Optimization and Experimental Validation of a Vacuum Suction Cup Operated by Shape Memory Actuators

Abstract Pneumatic Systems, especially those working with compressed air, come with several drawbacks like poor energy efficiency, high level of emission and limited digitalization amongst others. Therefore, there are efforts in industry to replace pneumatics with purely electrical systems. A promising approach in gripping and handling technology is the shape memory alloy (SMA)-based vacuum suction cup, which was first presented at the 2018 SMASIS conference [1]. The working principle relies on an antagonistic SMA-based actuator system in combination with a bistable spring and a silicone membrane. This paper presents the structure and further development of the vacuum suction cup, whose vacuum generation is independent of a temporary or stable airflow. The focus lies on the improvement of the existing mechanics to a more maintenance-friendly design on route to a commercial product.

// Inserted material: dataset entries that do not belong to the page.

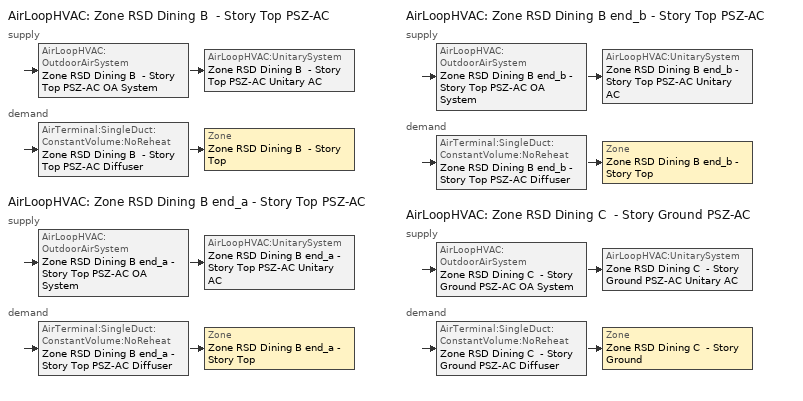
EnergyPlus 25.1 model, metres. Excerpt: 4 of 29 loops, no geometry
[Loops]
AirLoopHVAC 'Zone RSD Dining B  - Story Top PSZ-AC'
 supply: AirLoopHVAC:OutdoorAirSystem 'Zone RSD Dining B  - Story Top PSZ-AC OA System' > AirLoopHVAC:UnitarySystem 'Zone RSD Dining B  - Story Top PSZ-AC Unitary AC'
 demand: AirTerminal:SingleDuct:ConstantVolume:NoReheat 'Zone RSD Dining B  - Story Top PSZ-AC Diffuser' > Zone 'Zone RSD Dining B  - Story Top'
AirLoopHVAC 'Zone RSD Dining B end_a - Story Top PSZ-AC'
 supply: AirLoopHVAC:OutdoorAirSystem 'Zone RSD Dining B end_a - Story Top PSZ-AC OA System' > AirLoopHVAC:UnitarySystem 'Zone RSD Dining B end_a - Story Top PSZ-AC Unitary AC'
 demand: AirTerminal:SingleDuct:ConstantVolume:NoReheat 'Zone RSD Dining B end_a - Story Top PSZ-AC Diffuser' > Zone 'Zone RSD Dining B end_a - Story Top'
AirLoopHVAC 'Zone RSD Dining B end_b - Story Top PSZ-AC'
 supply: AirLoopHVAC:OutdoorAirSystem 'Zone RSD Dining B end_b - Story Top PSZ-AC OA System' > AirLoopHVAC:UnitarySystem 'Zone RSD Dining B end_b - Story Top PSZ-AC Unitary AC'
 demand: AirTerminal:SingleDuct:ConstantVolume:NoReheat 'Zone RSD Dining B end_b - Story Top PSZ-AC Diffuser' > Zone 'Zone RSD Dining B end_b - Story Top'
AirLoopHVAC 'Zone RSD Dining C  - Story Ground PSZ-AC'
 supply: AirLoopHVAC:OutdoorAirSystem 'Zone RSD Dining C  - Story Ground PSZ-AC OA System' > AirLoopHVAC:UnitarySystem 'Zone RSD Dining C  - Story Ground PSZ-AC Unitary AC'
 demand: AirTerminal:SingleDuct:ConstantVolume:NoReheat 'Zone RSD Dining C  - Story Ground PSZ-AC Diffuser' > Zone 'Zone RSD Dining C  - Story Ground'
[ZoneControl:Thermostat] Temperature Difference Between Cutout And Setpoint {deltaC}=0
Name | Zone or ZoneList | Control Type Schedule | Control 1
Zone RSD Dining B  - Story Top Thermostat | Zone RSD Dining B  - Story Top | Zone RSD Dining B  - Story Top Thermostat Schedule | RSD Dining - ComStock DEER Pre-1975 Thermostat 5
Zone RSD Dining B end_a - Story Top Thermostat | Zone RSD Dining B end_a - Story Top | Zone RSD Dining B end_a - Story Top Thermostat Schedule | RSD Dining - ComStock DEER Pre-1975 Thermostat 6
Zone RSD Dining B end_b - Story Top Thermostat | Zone RSD Dining B end_b - Story Top | Zone RSD Dining B end_b - Story Top Thermostat Schedule | RSD Dining - ComStock DEER Pre-1975 Thermostat 7
Zone RSD Dining C  - Story Ground Thermostat | Zone RSD Dining C  - Story Ground | Zone RSD Dining C  - Story Ground Thermostat Schedule | RSD Dining - ComStock DEER Pre-1975 Thermostat 8
[ThermostatSetpoint:DualSetpoint] Heating Setpoint Temperature Schedule=D_RSD_All_HTemp_Yr; Cooling Setpoint Temperature Schedule=D_RSD_All_CTemp_Yr
RSD Dining - ComStock DEER Pre-1975 Thermostat 5; RSD Dining - ComStock DEER Pre-1975 Thermostat 6; RSD Dining - ComStock DEER Pre-1975 Thermostat 7; RSD Dining - ComStock DEER Pre-1975 Thermostat 8
[AirTerminal:SingleDuct:ConstantVolume:NoReheat] Availability Schedule=Always On Discrete
Name | Maximum Air Flow Rate {m3/s}
Zone RSD Dining B  - Story Top PSZ-AC Diffuser | 7.0747
Zone RSD Dining B end_a - Story Top PSZ-AC Diffuser | 1.52146
Zone RSD Dining B end_b - Story Top PSZ-AC Diffuser | 1.60027
Zone RSD Dining C  - Story Ground PSZ-AC Diffuser | 0.178302
[Zone equipment]
Zone RSD Dining B  - Story Top: Zone RSD Dining B  - Story Top PSZ-AC Diffuser
Zone RSD Dining B end_a - Story Top: Zone RSD Dining B end_a - Story Top PSZ-AC Diffuser
Zone RSD Dining B end_b - Story Top: Zone RSD Dining B end_b - Story Top PSZ-AC Diffuser
Zone RSD Dining C  - Story Ground: Zone RSD Dining C  - Story Ground PSZ-AC Diffuser
[Sizing:Zone] Zone Cooling Design Supply Air Temperature Input Method=SupplyAirTemperature; Zone Cooling Design Supply Air Temperature {C}=12.7778; Zone Cooling Design Supply Air Temperature Difference {deltaC}=11.11; Zone Heating Design Supply Air Temperature Input Method=SupplyAirTemperature; Zone Heating Design Supply Air Temperature {C}=50; Zone Heating Design Supply Air Temperature Difference {deltaC}=11.11; Zone Cooling Design Supply Air Humidity Ratio {kgWater/kgDryAir}=0.0085; Zone Heating Design Supply Air Humidity Ratio {kgWater/kgDryAir}=0.008; Design Specification Outdoor Air Object=RSD Dining Ventilation; Cooling Design Air Flow Method=DesignDay; Cooling Design Air Flow Rate {m3/s}=0; Cooling Minimum Air Flow per Zone Floor Area {m3/s-m2}=0.000762; Cooling Minimum Air Flow {m3/s}=0; Cooling Minimum Air Flow Fraction=0; Heating Design Air Flow Method=DesignDay; Heating Design Air Flow Rate {m3/s}=0; Heating Maximum Air Flow per Zone Floor Area {m3/s-m2}=0.002032; Heating Maximum Air Flow {m3/s}=0.141576; Heating Maximum Air Flow Fraction=0.3; Account for Dedicated Outdoor Air System=No; Zone Load Sizing Method=Sensible Load Only No Latent Load; Zone Latent Cooling Design Supply Air Humidity Ratio Input Method=HumidityRatioDifference; Zone Cooling Design Supply Air Humidity Ratio Difference {kgWater/kgDryAir}=0.005; Zone Latent Heating Design Supply Air Humidity Ratio Input Method=HumidityRatioDifference; Zone Humidification Design Supply Air Humidity Ratio Difference {kgWater/kgDryAir}=0.005; Type of Space Sum to Use=Coincident
Zone RSD Dining B  - Story Top; Zone RSD Dining B end_a - Story Top; Zone RSD Dining B end_b - Story Top; Zone RSD Dining C  - Story Ground
[DesignSpecification:OutdoorAir]
RSD Dining Ventilation: Outdoor Air Method=Sum; Outdoor Air Flow per Person {m3/s-person}=0.00707921; Outdoor Air Flow per Zone Floor Area {m3/s-m2}=0.000762; Outdoor Air Flow per Zone {m3/s}=0; Outdoor Air Flow Air Changes per Hour {1/hr}=0
[AirLoopHVAC] Design Return Air Flow Fraction of Supply Air Flow=1
Name | Design Supply Air Flow Rate {m3/s}
Zone RSD Dining B  - Story Top PSZ-AC | 7.0747
Zone RSD Dining B end_a - Story Top PSZ-AC | 1.52146
Zone RSD Dining B end_b - Story Top PSZ-AC | 1.60027
Zone RSD Dining C  - Story Ground PSZ-AC | 0.178302
[Sizing:System] Type of Load to Size On=Sensible; Central Heating Maximum System Air Flow Ratio=1; Preheat Design Temperature {C}=7.22222; Preheat Design Humidity Ratio {kgWater/kgDryAir}=0.008; Precool Design Temperature {C}=12.7778; Precool Design Humidity Ratio {kgWater/kgDryAir}=0.008; Central Cooling Design Supply Air Temperature {C}=12.7778; Central Heating Design Supply Air Temperature {C}=50; Type of Zone Sum to Use=Coincident; 100% Outdoor Air in Cooling=No; 100% Outdoor Air in Heating=No; Central Cooling Design Supply Air Humidity Ratio {kgWater/kgDryAir}=0.0085; Central Heating Design Supply Air Humidity Ratio {kgWater/kgDryAir}=0.008; Cooling Supply Air Flow Rate Method=DesignDay; Cooling Supply Air Flow Rate {m3/s}=0; Cooling Supply Air Flow Rate Per Floor Area {m3/s-m2}=0.00996765; Cooling Fraction of Autosized Cooling Supply Air Flow Rate=1; Cooling Supply Air Flow Rate Per Unit Cooling Capacity {m3/s-W}=3.94755e-05; Heating Supply Air Flow Rate Method=DesignDay; Heating Supply Air Flow Rate {m3/s}=0; Heating Supply Air Flow Rate Per Floor Area {m3/s-m2}=0.00996765; Heating Fraction of Autosized Heating Supply Air Flow Rate=1; Heating Fraction of Autosized Cooling Supply Air Flow Rate=1; Heating Supply Air Flow Rate Per Unit Heating Capacity {m3/s-W}=3.15882e-05; System Outdoor Air Method=ZoneSum; Zone Maximum Outdoor Air Fraction=1; Cooling Design Capacity Method=CoolingDesignCapacity; Cooling Design Capacity Per Floor Area {W/m2}=234.7; Fraction of Autosized Cooling Design Capacity=1; Heating Design Capacity Method=HeatingDesignCapacity; Heating Design Capacity Per Floor Area {W/m2}=157; Fraction of Autosized Heating Design Capacity=1; Central Cooling Capacity Control Method=OnOff; Occupant Diversity=1
Name | Design Outdoor Air Flow Rate {m3/s} | Cooling Design Capacity {W} | Heating Design Capacity {W}
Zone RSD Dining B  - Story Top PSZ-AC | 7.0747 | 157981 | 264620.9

For the implementation new SMA-bundles are created and the wire guides are adjusted accordingly. Besides, several experiments and analyses are carried out to validate the behavior of the mechanics with the new setup using the self-sensing effect. These investigations focus on the effects of varying bundle lengths, lever arms, and damaged bundles on performance. It is shown that the new design approach offers easier handling and robustness in the event of an actuator break.